Strathmann started experimenting with making his own amari (the plural, in Italian, of amaro) using herbs grown in his home garden and in the small beds in front of Spuntino, supplemented with ingredients purchased online or in local shops. But those experiments have become somewhat of an obsession, and Strathmann is now growing his own saffron crocuses (each flower yields only one or two saffron threads) and has been hunting the woods near some of Colorado's mountain towns to create strictly Colorado liqueurs. 

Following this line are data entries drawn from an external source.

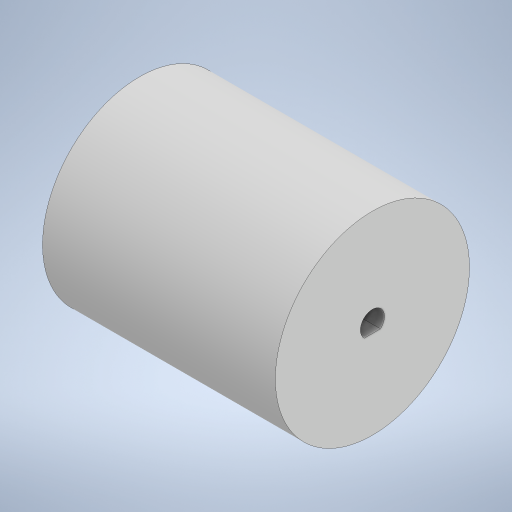
# Autodesk Inventor part: kolo
Saved by Autodesk Inventor 2023 (Build 270158000, 158)
## iProperties
Created: 2024-04-04
Part Number: kolo
Material: Ogólny
Document SubType Name: Modeling
Designer: Kamil
Density: 1 g/cm^3
Appearance: Domyślna
Author: Kamil
Autodesk Inventor part; units mm, degrees
ref_plane "YZ Plane" through (0, 0, 0) normal (1, 0, 0) x (0, 1, 0)
ref_plane "XZ Plane" through (0, 0, 0) normal (0, 1, 0) x (-1, 0, 0)
ref_plane "XY Plane" through (0, 0, 0) normal (0, 0, 1) x (1, 0, 0)
sketch "Szkic1" plane through (0, 0, 0) normal (1, 0, 0) x (0, 1, 0)
  circle A0 centre (0, 0) radius 12.5
  dimension "d0" = 25
  constraints: 1 centre point, 1 coincident
  measures "d0" diameter of A0
extrude "Wyciągnięcie proste1" add sketch "Szkic1" along normal blind 30
sketch "Szkic2" plane through (0, 0, 0) normal (-1, 0, 0) x (0, 0, 1)
  circle A0 centre (0, 0) radius 1.55
  dimension "d3" = 3.1
  constraints: 1 centre point, 1 coincident
  measures "d3" diameter of A0
extrude "Wyciągnięcie proste2" cut sketch "Szkic2" against normal blind 30
sketch "Szkic4" plane through (0, 0, 0) normal (-1, 0, 0) x (0, 0, 1)
  circle A0 centre (0, 0) radius 12.5 projected
  circle A1 centre (0, 0) radius 8.5
  dimension "d6" = 4
  constraints: 1 centre point
  measures "d6" radial gap between concentric circles of A0 A1
extrude "Wyciągnięcie proste3" cut sketch "Szkic4" against normal blind 15 contours A1
sketch "Szkic5" plane through (15, 0, 0) normal (-1, 0, 0) x (0, 0, 1)
  circle A0 centre (0, 0) radius 1.55 projected
  circle A1 centre (0, 0) radius 1.55 projected
  line L0 (-1.0392, -1.15) -> (1.0392, -1.15)
  point P0 (0, -1.15)
  point P1 (1.0392, -1.15)
  point P2 (-1.0392, -1.15)
  dimension "d9" = 1.15
  constraints: 2 end point, 2 point on circle, 1 horizontal, 1 midpoint
  measures "d9" distance of point (0, -1.15) point (0, 0)
extrude "Wyciągnięcie proste4" add sketch "Szkic5" against normal up to surface (15 mm away) contours L0 A0 picked at (-0.2431, -1.2226)

His foraging trips have yielded osha root, gentian, sagebrush, skunkbush berries, burdock, wild dandelion and many other botanicals with profiles that range from bitter to sour and yield flavors like celery root, licorice, pepper, menthol and ginseng, to name a few. Amari generally use combinations of dozens of botanicals to produce complex characteristics that help settle the stomach after a big meal — like what you'll enjoy from chef/co-owner Cindhura Reddy's kitchen — and that also taste pretty good in place of a sweet dessert.

The technique is fairly simple: Botanicals are steeped in neutral grain spirits (like the infamous Everclear) for days or weeks, and then water and a sweetener (honey or cane sugar, for example) are added until a smooth, balanced beverage results. Strathmann just created an end-of-summer garden liqueur using the last of his basil, nasturtium and a few other herbs (the same ones that go into Spuntino's Garden Collins cocktail). He also recently made a fennel liqueur called finocchietto from a fennel plant in his back yard that grew to nearly ten feet tall.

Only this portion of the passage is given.